First, start by disinfecting common high-touch areas. This includes things like desks, chairs, door handles, light switches and communal play areas.
When it comes to cleaning electronics make sure to use a product that is rated to be safe for cleaning electronics to prevent damaging them accidentally. This includes wiping down and sanitizing computer stations, keyboards, phones and items like iPads and tablets. If you have a smart board in your classroom make sure to wipe down all the interactive devices students use to operate it.
Cleaning the Floors is also a critical part of maintaining a clean classroom on a daily basis as well as in the long-term. Carpeting and hard surface flooring like tile and linoleum can be magnets for trapping bacteria and viruses. This is especially true in high-traffic areas like rooms, gymnasiums and cafeterias. Talk to your custodial staff to see what measures they use to clean the floors. Most have some type of disinfecting protocol in place, but if they don’t you should consider implementing your own.

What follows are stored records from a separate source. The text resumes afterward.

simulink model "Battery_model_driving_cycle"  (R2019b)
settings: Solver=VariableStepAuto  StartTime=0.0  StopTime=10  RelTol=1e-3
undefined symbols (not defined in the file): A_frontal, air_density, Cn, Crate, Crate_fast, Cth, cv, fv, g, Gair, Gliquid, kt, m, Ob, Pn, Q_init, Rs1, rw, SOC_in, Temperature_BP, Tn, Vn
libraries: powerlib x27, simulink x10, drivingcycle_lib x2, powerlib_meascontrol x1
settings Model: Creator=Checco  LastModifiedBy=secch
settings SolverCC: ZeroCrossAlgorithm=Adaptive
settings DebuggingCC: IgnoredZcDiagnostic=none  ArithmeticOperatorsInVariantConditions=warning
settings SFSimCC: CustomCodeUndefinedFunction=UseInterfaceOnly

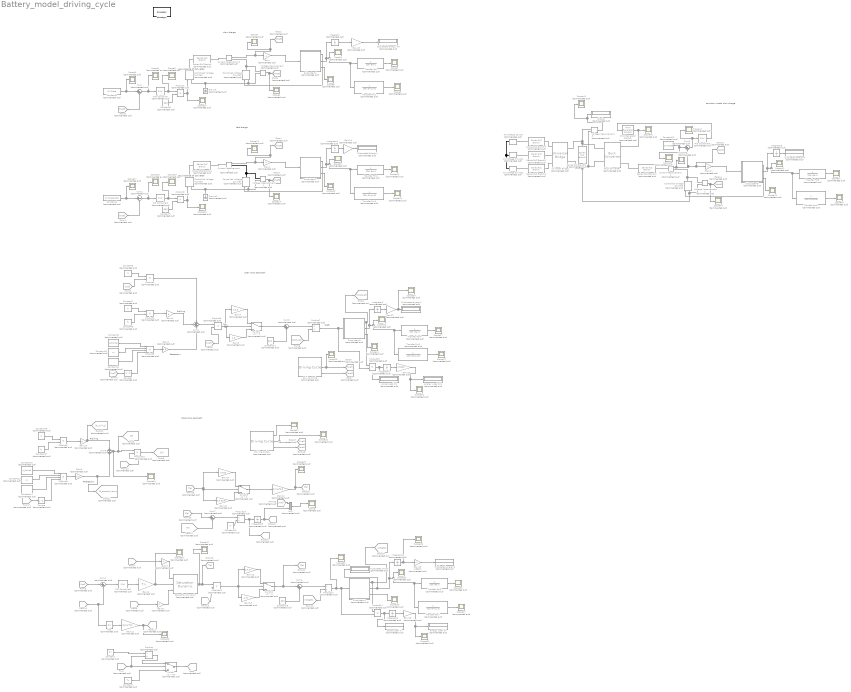
== system Battery_model_driving_cycle ==
  note: slow charge
  note: fast charge
  note: close loop approach
  note: open loop approach
  note: Ibatt
  note: Pm _
  note: Rrolling
  note: Raereodyn
  note: equivalence of converter
  note: equivalence of converter
  note: Rrolling
  note: Raereodyn
  note: complex model slow charge
  AC Voltage Source : powerlib/Electrical Sources/AC Voltage Source  Commented=on  Amplitude=230*sqrt(3)  Phase=0  Frequency=50  SampleTime=0  Measurements=None  BusType=swing  Pref=10e3  Qref=0  Qmin=-inf  Qmax=+inf
      settings: SourceProductName=Simscape Electrical
  AC Voltage Source1 : powerlib/Electrical Sources/AC Voltage Source  Commented=on  Amplitude=230*sqrt(3)  Phase=-120  Frequency=50  SampleTime=0  Measurements=None  BusType=swing  Pref=10e3  Qref=0  Qmin=-inf  Qmax=+inf
      settings: SourceProductName=Simscape Electrical
  AC Voltage Source2 : powerlib/Electrical Sources/AC Voltage Source  Commented=on  Amplitude=230*sqrt(3)  Phase=-240  Frequency=50  SampleTime=0  Measurements=None  BusType=swing  Pref=10e3  Qref=0  Qmin=-inf  Qmax=+inf
      settings: SourceProductName=Simscape Electrical
  Abs : Abs  Commented=on
  Buck Converter : powerlib/Power Electronics/Buck Converter  Commented=on  ModelType=Switching devices  Ron=1e-3  Rs=1e6  Cs=inf  Vforward=[0,0]  Ron_Diode=1e-3  Rs_Diode=1e6  Cs_Diode=inf  Vf_Diode=1e-3  Rs_CurrentSource=inf
      settings: SourceProductName=Simscape Electrical  SourceProductBaseCode=PS
  Constant : Constant  Commented=on  Value=Pn
  Constant1 : Constant  Commented=on  Value=Tn
  Constant10 : Constant  Commented=on  Value=cv
  Constant11 : Constant  Commented=on  Value=air_density
  Constant12 : Constant  Commented=on  Value=800
  Constant13 : Constant  Commented=on  Value=cv
  Constant14 : Constant  Commented=on  Value=air_density
  Constant{6..7,15,19} (4 alike) : Constant  Commented=on  Value=m
  Constant16 : Constant  Commented=on  Value=A_frontal
  Constant17 : Constant  Commented=on  Value=fv
  Constant18 : Constant  Commented=on  Value=800
  Constant2 : Constant  Commented=on  Value=Cn*Crate  SampleTime=-1
  Constant20 : Constant  Commented=on  Value=Cn*Crate  SampleTime=-1
  Constant3 : Constant  Commented=on  Value=560
  Constant4 : Constant  Commented=on  Value=Cn*Crate_fast  SampleTime=-1
  Constant5 : Constant  Commented=on  Value=560
  Constant8 : Constant  Commented=on  Value=A_frontal
  Constant9 : Constant  Commented=on  Value=fv
  Controlled Voltage Source1 : powerlib/Electrical Sources/Controlled Voltage Source  Commented=on  Initialize=off  Source_Type=DC  Amplitude=0.2*Cn  Phase=0  Frequency=0  Measurements=None
      settings: SourceProductName=Simscape Electrical
  Controlled Voltage Source2 : powerlib/Electrical Sources/Controlled Voltage Source  Commented=on  Initialize=off  Source_Type=DC  Amplitude=0  Phase=0  Frequency=0  Measurements=None
      settings: SourceProductName=Simscape Electrical
  Controlled Voltage Source3 : powerlib/Electrical Sources/Controlled Voltage Source  Commented=on  Initialize=off  Source_Type=DC  Amplitude=0.2*Cn  Phase=0  Frequency=0  Measurements=None
      settings: SourceProductName=Simscape Electrical
  Controlled Voltage Source4 : powerlib/Electrical Sources/Controlled Voltage Source  Commented=on  Initialize=off  Source_Type=DC  Amplitude=0  Phase=0  Frequency=0  Measurements=None
      settings: SourceProductName=Simscape Electrical
  Controlled Voltage Source6 : powerlib/Electrical Sources/Controlled Voltage Source  Commented=on  Initialize=off  Source_Type=DC  Amplitude=0  Phase=0  Frequency=0  Measurements=None
      settings: SourceProductName=Simscape Electrical
  Current Measurement : powerlib/Measurements/Current Measurement  Commented=on  PhasorSimulation=off  OutputType=Complex  PSBequivalent=0
      settings: SourceProductName=Simscape Electrical
  Current Measurement1 : powerlib/Measurements/Current Measurement  Commented=on  PhasorSimulation=off  OutputType=Complex  PSBequivalent=0
      settings: SourceProductName=Simscape Electrical
  Current Measurement2 : powerlib/Measurements/Current Measurement  Commented=on  PhasorSimulation=off  OutputType=Complex  PSBequivalent=0
      settings: SourceProductName=Simscape Electrical
  Display : Display  Commented=on
  Dissipated energy Wh : Display  Commented=on
  Dissipated energy{1..4} (4 alike) : Display  Commented=on
  Dissipated power : Display  Commented=on
  Driving Cycle : drivingcycle_lib/Driving Cycle  Commented=on  CycleName=NEDC  CycleRepeatsForever=off
      settings: SourceProductName=Driving Cycle Blockset
  Driving Cycle1 : drivingcycle_lib/Driving Cycle  Commented=on  CycleName=NEDC  CycleRepeatsForever=off
      settings: SourceProductName=Driving Cycle Blockset
  From : From  Commented=on  GotoTag=Omega
  From1 : From  Commented=on  GotoTag=Ibatt
  From10 : From  Commented=on  GotoTag=Vmeas
  From11 : From  Commented=on  GotoTag=Vmeas
  From12 : From  Commented=on  GotoTag=Vmeas
  From13 : From  Commented=on  GotoTag=Omega
  From14 : From  Commented=on  GotoTag=Vbatt
  From15 : From  Commented=on  GotoTag=Te
  From16 : From  Commented=on  GotoTag=Fe
  From17 : From  Commented=on  GotoTag=Fr
  From{4..5,9,18} (4 alike) : From  Commented=on  GotoTag=Vref
  From2 : From  Commented=on  GotoTag=Ibatt
  From3 : From  Commented=on  GotoTag=aref
  From6 : From  Commented=on  GotoTag=Vbatt_ref
  From7 : From  Commented=on  GotoTag=Tmax
  From8 : From  Commented=on  GotoTag=Tmax
  Gain{,1,8,17} (4 alike) : Gain  Commented=on  Gain=-1
  Gain10 : Gain  Commented=on  Gain=g
  Gain11 : Gain  Commented=on  Gain=1/rw*kt
  Gain12 : Gain  Commented=on  Gain=1/0.97
  Gain13 : Gain  Commented=on  Gain=0.97
  Gain14 : Gain  Commented=on  Gain=0.825
  Gain15 : Gain  Commented=on  Gain=1/0.825
  Gain16 : Gain  Commented=on  Gain=1/rw*kt
  Gain{18..23} (6 alike) : Gain  Commented=on  Gain=1/3600
  Gain2 : Gain  Commented=on  Gain=0.5
  Gain3 : Gain  Commented=on  Gain=g
  Gain4 : Gain  Commented=on  Gain=1/0.8
  Gain5 : Gain  Commented=on  Gain=0.8
  Gain6 : Gain  Commented=on  Gain=Tn
  Gain7 : Gain  Commented=on
  Gain9 : Gain  Commented=on  Gain=0.5
  Goto : Goto  Commented=on  GotoTag=Tmax
  Goto{1,3,14,19} (4 alike) : Goto  Commented=on  GotoTag=Vbatt
  Goto10 : Goto  Commented=on  GotoTag=R_rolling
  Goto11 : Goto  Commented=on  GotoTag=R_aereodynamic
  Goto12 : Goto  Commented=on  GotoTag=Omega
  Goto13 : Goto  Commented=on  GotoTag=Te
  Goto15 : Goto  Commented=on  GotoTag=Fe
  Goto16 : Goto  Commented=on  GotoTag=Vmeas
  Goto17 : Goto  Commented=on  GotoTag=Vref
  Goto18 : Goto  Commented=on  GotoTag=aref
  Goto2 : Goto  Commented=on  GotoTag=Ibatt
  Goto20 : Goto  Commented=on  GotoTag=ameas
  Goto21 : Goto  Commented=on  GotoTag=Pe
  Goto22 : Goto  Commented=on  GotoTag=Ibatt
  Goto4 : Goto  Commented=on  GotoTag=Ibatt
  Goto5 : Goto  Commented=on  GotoTag=Vbatt_ref
  Goto6 : Goto  Commented=on  GotoTag=Vref
  Goto7 : Goto  Commented=on  GotoTag=aref
  Goto8 : Goto  Commented=on  GotoTag=Fr
  Goto9 : Goto  Commented=on  GotoTag=Pr
  Ground : powerlib/Elements/Ground  Commented=on  LConnTagsString=a
      settings: SourceProductName=Simscape Electrical
  Ground1 : powerlib/Elements/Ground  Commented=on  LConnTagsString=a
      settings: SourceProductName=Simscape Electrical
  Integrator{,1..7} (8 alike) : Integrator  Commented=on
  Mux : Mux  Commented=on  Inputs=2
  PID Controller : simulink/Continuous/PID Controller  Commented=on  Controller=PI  Form=Parallel  TimeDomain=Continuous-time  SampleTime=-1  IntegratorMethod=Forward Euler  FilterMethod=Forward Euler  ControllerParametersSource=internal  P=0.01  I=1  D=0  UseFilter=on  N=100  TunerSelectOption=Transfer Function Based (PID Tuner App)  InitialConditionSource=internal  InitialConditionForIntegrator=370/560  InitialConditionForFilter=0  DifferentiatorICPrevScaledInput=0  ExternalReset=none  TrackingMode=off  Kt=1  LimitOutput=on  UpperSaturationLimit=1  LowerSaturationLimit=0  LinearizeAsGain=on  AntiWindupMode=none  Kb=1  POutMin=[]  POutMax=[]  IOutMin=[]  IOutMax=[]  DOutMin=[]  DOutMax=[]  NOutMin=[]  NOutMax=[]  SumOutMin=[]  SumOutMax=[]  SaturationOutMin=[]  SaturationOutMax=[]  PParamMin=[]  PParamMax=[]  IParamMin=[]  IParamMax=[]  DParamMin=[]  DParamMax=[]  NParamMin=[]  NParamMax=[]  KbParamMin=[]  KbParamMax=[]  KtParamMin=[]  KtParamMax=[]  KbOutMin=[]  KbOutMax=[]  KtOutMin=[]  KtOutMax=[]  IntegratorOutMin=[]  IntegratorOutMax=[]  FilterOutMin=[]  FilterOutMax=[]  SumI1OutMin=[]  SumI1OutMax=[]  SumI2OutMin=[]  SumI2OutMax=[]  SumI3OutMin=[]  SumI3OutMax=[]  SumI4OutMin=[]  SumI4OutMax=[]  SumDOutMin=[]  SumDOutMax=[]  DifferentiatorOutMin=[]  DifferentiatorOutMax=[]  FilterDiffOutCoefMin=[]  FilterDiffOutCoefMax=[]  ReciprocalOutMin=[]  ReciprocalOutMax=[]  SumDenOutMin=[]  SumDenOutMax=[]  SumNumOutMin=[]  SumNumOutMax=[]  DivideOutMin=[]  DivideOutMax=[]  IntegratorContinuousStateAttributes=''  IntegratorStateMustResolveToSignalObject=off  IntegratorRTWStateStorageClass=Auto  FilterContinuousStateAttributes=''  FilterStateMustResolveToSignalObject=off  FilterRTWStateStorageClass=Auto  ParallelPVariant=InternalParameters  IdealPVariant=Disabled  IVariant=InternalParameters  DVariant=Disabled  IntegratorVariant=Continuous  SatVariant=Enabled  AWVariant=Passthrough  PCopyVariant=Disabled  TRVariant=Disabled  FdbkBlocksVariant=Forward  IdealPFdbkVariant=Disabled  SatFdbkVariant=Disabled  DerivativeFilterVariant=Disabled  NVariant=Disabled  NCopyVariant=Disabled_SignalSpec  FilterICVariant=Disabled  IntegratorICVariant=InternalICs  ExternalResetVariant=Disabled  TRSumVariant=Passthrough  SumFdbkVariant=Disabled  SumVariant=Sum_PI
  PID Controller1 : simulink/Continuous/PID Controller  Commented=on  Controller=PI  Form=Parallel  TimeDomain=Continuous-time  SampleTime=-1  IntegratorMethod=Forward Euler  FilterMethod=Forward Euler  ControllerParametersSource=internal  P=0.01  I=1  D=0  UseFilter=on  N=100  TunerSelectOption=Transfer Function Based (PID Tuner App)  InitialConditionSource=internal  InitialConditionForIntegrator=370/560  InitialConditionForFilter=0  DifferentiatorICPrevScaledInput=0  ExternalReset=none  TrackingMode=off  Kt=1  LimitOutput=on  UpperSaturationLimit=1  LowerSaturationLimit=0  LinearizeAsGain=on  AntiWindupMode=none  Kb=1  POutMin=[]  POutMax=[]  IOutMin=[]  IOutMax=[]  DOutMin=[]  DOutMax=[]  NOutMin=[]  NOutMax=[]  SumOutMin=[]  SumOutMax=[]  SaturationOutMin=[]  SaturationOutMax=[]  PParamMin=[]  PParamMax=[]  IParamMin=[]  IParamMax=[]  DParamMin=[]  DParamMax=[]  NParamMin=[]  NParamMax=[]  KbParamMin=[]  KbParamMax=[]  KtParamMin=[]  KtParamMax=[]  KbOutMin=[]  KbOutMax=[]  KtOutMin=[]  KtOutMax=[]  IntegratorOutMin=[]  IntegratorOutMax=[]  FilterOutMin=[]  FilterOutMax=[]  SumI1OutMin=[]  SumI1OutMax=[]  SumI2OutMin=[]  SumI2OutMax=[]  SumI3OutMin=[]  SumI3OutMax=[]  SumI4OutMin=[]  SumI4OutMax=[]  SumDOutMin=[]  SumDOutMax=[]  DifferentiatorOutMin=[]  DifferentiatorOutMax=[]  FilterDiffOutCoefMin=[]  FilterDiffOutCoefMax=[]  ReciprocalOutMin=[]  ReciprocalOutMax=[]  SumDenOutMin=[]  SumDenOutMax=[]  SumNumOutMin=[]  SumNumOutMax=[]  DivideOutMin=[]  DivideOutMax=[]  IntegratorContinuousStateAttributes=''  IntegratorStateMustResolveToSignalObject=off  IntegratorRTWStateStorageClass=Auto  FilterContinuousStateAttributes=''  FilterStateMustResolveToSignalObject=off  FilterRTWStateStorageClass=Auto  ParallelPVariant=InternalParameters  IdealPVariant=Disabled  IVariant=InternalParameters  DVariant=Disabled  IntegratorVariant=Continuous  SatVariant=Enabled  AWVariant=Passthrough  PCopyVariant=Disabled  TRVariant=Disabled  FdbkBlocksVariant=Forward  IdealPFdbkVariant=Disabled  SatFdbkVariant=Disabled  DerivativeFilterVariant=Disabled  NVariant=Disabled  NCopyVariant=Disabled_SignalSpec  FilterICVariant=Disabled  IntegratorICVariant=InternalICs  ExternalResetVariant=Disabled  TRSumVariant=Passthrough  SumFdbkVariant=Disabled  SumVariant=Sum_PI
  PID Controller2 : simulink/Continuous/PID Controller  Commented=on  Controller=PI  Form=Parallel  TimeDomain=Continuous-time  SampleTime=-1  IntegratorMethod=Forward Euler  FilterMethod=Forward Euler  ControllerParametersSource=internal  P=1  I=100  D=0  UseFilter=on  N=100  TunerSelectOption=Transfer Function Based (PID Tuner App)  InitialConditionSource=internal  InitialConditionForIntegrator=0  InitialConditionForFilter=0  DifferentiatorICPrevScaledInput=0  ExternalReset=none  TrackingMode=off  Kt=1  LimitOutput=on  UpperSaturationLimit=1  LowerSaturationLimit=-1  LinearizeAsGain=on  AntiWindupMode=none  Kb=1  POutMin=[]  POutMax=[]  IOutMin=[]  IOutMax=[]  DOutMin=[]  DOutMax=[]  NOutMin=[]  NOutMax=[]  SumOutMin=[]  SumOutMax=[]  SaturationOutMin=[]  SaturationOutMax=[]  PParamMin=[]  PParamMax=[]  IParamMin=[]  IParamMax=[]  DParamMin=[]  DParamMax=[]  NParamMin=[]  NParamMax=[]  KbParamMin=[]  KbParamMax=[]  KtParamMin=[]  KtParamMax=[]  KbOutMin=[]  KbOutMax=[]  KtOutMin=[]  KtOutMax=[]  IntegratorOutMin=[]  IntegratorOutMax=[]  FilterOutMin=[]  FilterOutMax=[]  SumI1OutMin=[]  SumI1OutMax=[]  SumI2OutMin=[]  SumI2OutMax=[]  SumI3OutMin=[]  SumI3OutMax=[]  SumI4OutMin=[]  SumI4OutMax=[]  SumDOutMin=[]  SumDOutMax=[]  DifferentiatorOutMin=[]  DifferentiatorOutMax=[]  FilterDiffOutCoefMin=[]  FilterDiffOutCoefMax=[]  ReciprocalOutMin=[]  ReciprocalOutMax=[]  SumDenOutMin=[]  SumDenOutMax=[]  SumNumOutMin=[]  SumNumOutMax=[]  DivideOutMin=[]  DivideOutMax=[]  IntegratorContinuousStateAttributes=''  IntegratorStateMustResolveToSignalObject=off  IntegratorRTWStateStorageClass=Auto  FilterContinuousStateAttributes=''  FilterStateMustResolveToSignalObject=off  FilterRTWStateStorageClass=Auto  ParallelPVariant=InternalParameters  IdealPVariant=Disabled  IVariant=InternalParameters  DVariant=Disabled  IntegratorVariant=Continuous  SatVariant=Enabled  AWVariant=Passthrough  PCopyVariant=Disabled  TRVariant=Disabled  FdbkBlocksVariant=Forward  IdealPFdbkVariant=Disabled  SatFdbkVariant=Disabled  DerivativeFilterVariant=Disabled  NVariant=Disabled  NCopyVariant=Disabled_SignalSpec  FilterICVariant=Disabled  IntegratorICVariant=InternalICs  ExternalResetVariant=Disabled  TRSumVariant=Passthrough  SumFdbkVariant=Disabled  SumVariant=Sum_PI
  PID Controller3 : simulink/Continuous/PID Controller  Commented=on  Controller=PI  Form=Parallel  TimeDomain=Continuous-time  SampleTime=-1  IntegratorMethod=Forward Euler  FilterMethod=Forward Euler  ControllerParametersSource=internal  P=0.01  I=1  D=0  UseFilter=on  N=100  TunerSelectOption=Transfer Function Based (PID Tuner App)  InitialConditionSource=internal  InitialConditionForIntegrator=Vn/560  InitialConditionForFilter=0  DifferentiatorICPrevScaledInput=0  ExternalReset=none  TrackingMode=off  Kt=1  LimitOutput=on  UpperSaturationLimit=1  LowerSaturationLimit=0  LinearizeAsGain=on  AntiWindupMode=none  Kb=1  POutMin=[]  POutMax=[]  IOutMin=[]  IOutMax=[]  DOutMin=[]  DOutMax=[]  NOutMin=[]  NOutMax=[]  SumOutMin=[]  SumOutMax=[]  SaturationOutMin=[]  SaturationOutMax=[]  PParamMin=[]  PParamMax=[]  IParamMin=[]  IParamMax=[]  DParamMin=[]  DParamMax=[]  NParamMin=[]  NParamMax=[]  KbParamMin=[]  KbParamMax=[]  KtParamMin=[]  KtParamMax=[]  KbOutMin=[]  KbOutMax=[]  KtOutMin=[]  KtOutMax=[]  IntegratorOutMin=[]  IntegratorOutMax=[]  FilterOutMin=[]  FilterOutMax=[]  SumI1OutMin=[]  SumI1OutMax=[]  SumI2OutMin=[]  SumI2OutMax=[]  SumI3OutMin=[]  SumI3OutMax=[]  SumI4OutMin=[]  SumI4OutMax=[]  SumDOutMin=[]  SumDOutMax=[]  DifferentiatorOutMin=[]  DifferentiatorOutMax=[]  FilterDiffOutCoefMin=[]  FilterDiffOutCoefMax=[]  ReciprocalOutMin=[]  ReciprocalOutMax=[]  SumDenOutMin=[]  SumDenOutMax=[]  SumNumOutMin=[]  SumNumOutMax=[]  DivideOutMin=[]  DivideOutMax=[]  IntegratorContinuousStateAttributes=''  IntegratorStateMustResolveToSignalObject=off  IntegratorRTWStateStorageClass=Auto  FilterContinuousStateAttributes=''  FilterStateMustResolveToSignalObject=off  FilterRTWStateStorageClass=Auto  ParallelPVariant=InternalParameters  IdealPVariant=Disabled  IVariant=InternalParameters  DVariant=Disabled  IntegratorVariant=Continuous  SatVariant=Enabled  AWVariant=Passthrough  PCopyVariant=Disabled  TRVariant=Disabled  FdbkBlocksVariant=Forward  IdealPFdbkVariant=Disabled  SatFdbkVariant=Disabled  DerivativeFilterVariant=Disabled  NVariant=Disabled  NCopyVariant=Disabled_SignalSpec  FilterICVariant=Disabled  IntegratorICVariant=InternalICs  ExternalResetVariant=Disabled  TRSumVariant=Passthrough  SumFdbkVariant=Disabled  SumVariant=Sum_PI
  PWM Generator (DC-DC) : powerlib_meascontrol/Pulse & Signal Generators/PWM Generator (DC-DC)  Commented=on  Fsw=5000  Ts=0
      settings: SourceProductName=Simscape Electrical
  Product{,7,12..13} (4 alike) : Product  Commented=on  Inputs=*/
  Product{1..4,6,8,10..11} (8 alike) : Product  Commented=on
  Product14 : Product  Commented=on  Inputs=**
  Product15 : Product  Commented=on  Inputs=**
  Product5 : Product  Commented=on  Inputs=4
  Product9 : Product  Commented=on  Inputs=4
  Saturation Dynamic : simulink/Discontinuities/Saturation Dynamic  Commented=on  OutMin=[]  OutMax=[]  OutDataTypeStr=Inherit: Same as second input  OutDataType=fixdt(1, 16)  OutScaling=2^-10  DoSatur=off
  Scope{,1..51} (52 alike) : Scope  Commented=on
  Series RLC Branch : powerlib/Elements/Series RLC Branch  Commented=on  LConnTagsString=__new0  RConnTagsString=__new0  BranchType=RL  Resistance=0.0001  Inductance=0.01  SetiL0=off  InitialCurrent=0  Capacitance=1e-6  Setx0=off  InitialVoltage=0  Measurements=None
      settings: SourceProductName=Simscape Electrical
  Series RLC Branch1 : powerlib/Elements/Series RLC Branch  Commented=on  LConnTagsString=__new0  RConnTagsString=__new0  BranchType=RL  Resistance=0.0001  Inductance=0.01  SetiL0=off  InitialCurrent=0  Capacitance=1e-6  Setx0=off  InitialVoltage=0  Measurements=None
      settings: SourceProductName=Simscape Electrical
  Series RLC Branch2 : powerlib/Elements/Series RLC Branch  Commented=on  LConnTagsString=__new0  RConnTagsString=__new0  BranchType=RL  Resistance=3  Inductance=1e-3  SetiL0=off  InitialCurrent=0  Capacitance=1e-6  Setx0=off  InitialVoltage=0  Measurements=None
      settings: SourceProductName=Simscape Electrical
  Series RLC Branch3 : powerlib/Elements/Series RLC Branch  Commented=on  LConnTagsString=__new0  RConnTagsString=__new0  BranchType=RL  Resistance=3  Inductance=1e-3  SetiL0=off  InitialCurrent=0  Capacitance=1e-6  Setx0=off  InitialVoltage=0  Measurements=None
      settings: SourceProductName=Simscape Electrical
  Series RLC Branch4 : powerlib/Elements/Series RLC Branch  Commented=on  LConnTagsString=__new0  RConnTagsString=__new0  BranchType=RL  Resistance=3  Inductance=1e-3  SetiL0=off  InitialCurrent=0  Capacitance=1e-6  Setx0=off  InitialVoltage=0  Measurements=None
      settings: SourceProductName=Simscape Electrical
  Series RLC Branch6 : powerlib/Elements/Series RLC Branch  Commented=on  LConnTagsString=__new0  RConnTagsString=__new0  BranchType=C  Resistance=0.0001  Inductance=0.01  SetiL0=off  InitialCurrent=0  Capacitance=600e-6  Setx0=off  InitialVoltage=0  Measurements=None
      settings: SourceProductName=Simscape Electrical
  Series RLC Branch7 : powerlib/Elements/Series RLC Branch  Commented=on  LConnTagsString=__new0  RConnTagsString=__new0  BranchType=RL  Resistance=0.0001  Inductance=0.01  SetiL0=off  InitialCurrent=0  Capacitance=1e-6  Setx0=off  InitialVoltage=0  Measurements=None
      settings: SourceProductName=Simscape Electrical
  Square : Math  Commented=on  Operator=square  SignedPower=off  SaturateOnIntegerOverflow=on
  Square1 : Math  Commented=on  Operator=square  SignedPower=off  SaturateOnIntegerOverflow=on
  Subsystem1 : Subsystem  Commented=on  mask{Em=|, R0=0.0036, SOC_BP=|, BattCap=31, SOC_ini=20, Ns=100, Np=3}
      mask Em=|
      | [3;
      | 3.5 ;
      | 3.67 ;
      | 3.7 ;
      | 3.71 ;
      | 3.72 ;
      | 3.73 ;
      | 3.74 ;
      | 3.75 ;
      | 3.84;
      | 4.2]
      mask SOC_BP=|
      | [0
      | 0.1
      | 0.2
      | 0.3
      | 0.4
      | 0.5
      | 0.6
      | 0.7
      | 0.8
      | 0.9
      | 1]
      mask prompts: Em "Open circuit voltage table data, Em [V]:"; R0 "Series resistance R0 [Ohm]:"; SOC_BP "State of charge breakpoints, SOC_BP []"; BattCap "Battery capacity, BattCap [Ah]"; SOC_ini "SOC ini [%]"; Ns "Num Series"; Np "Num Parallel"
      mask DialogControl Control3 Prompt: Single Module Data
      mask DialogControl Control2 Prompt: Connections
  Subsystem2 : Subsystem  Commented=on  mask{Em=|, R0=0.0036, SOC_BP=|, BattCap=31, SOC_ini=20, Ns=100, Np=3}
      mask Em=|
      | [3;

Empty trash cans and other waste receptacles. Trash cans are well-known for their potential to cause cross-contamination. When emptying trash cans, avoid touching any used tissues or other waste that can transfer germs to your own skin. Wash your hands or clean them with hand sanitizer immediately after emptying the trash can.
If you need to wipe down the outside of the trash can, make sure to use disposable disinfecting wipes. They can then be thrown away immediately afterward to ensure that no pathogens can spread back to other high-touch surfaces.
Communicate With Your Custodial Staff
There can sometimes be a little disconnect between teachers and custodial staff. Oftentimes janitors come in long after teachers have left the building to affect a deep clean. Take the time to speak with your custodial staff to make sure you understand their methodology as well as making sure that they are cleaning with the level of care that you need.
Not only does this ensure that your classroom is getting the cleaning it needs after students have gone home, but it also arms you with the information you might need to answer parent’s questions.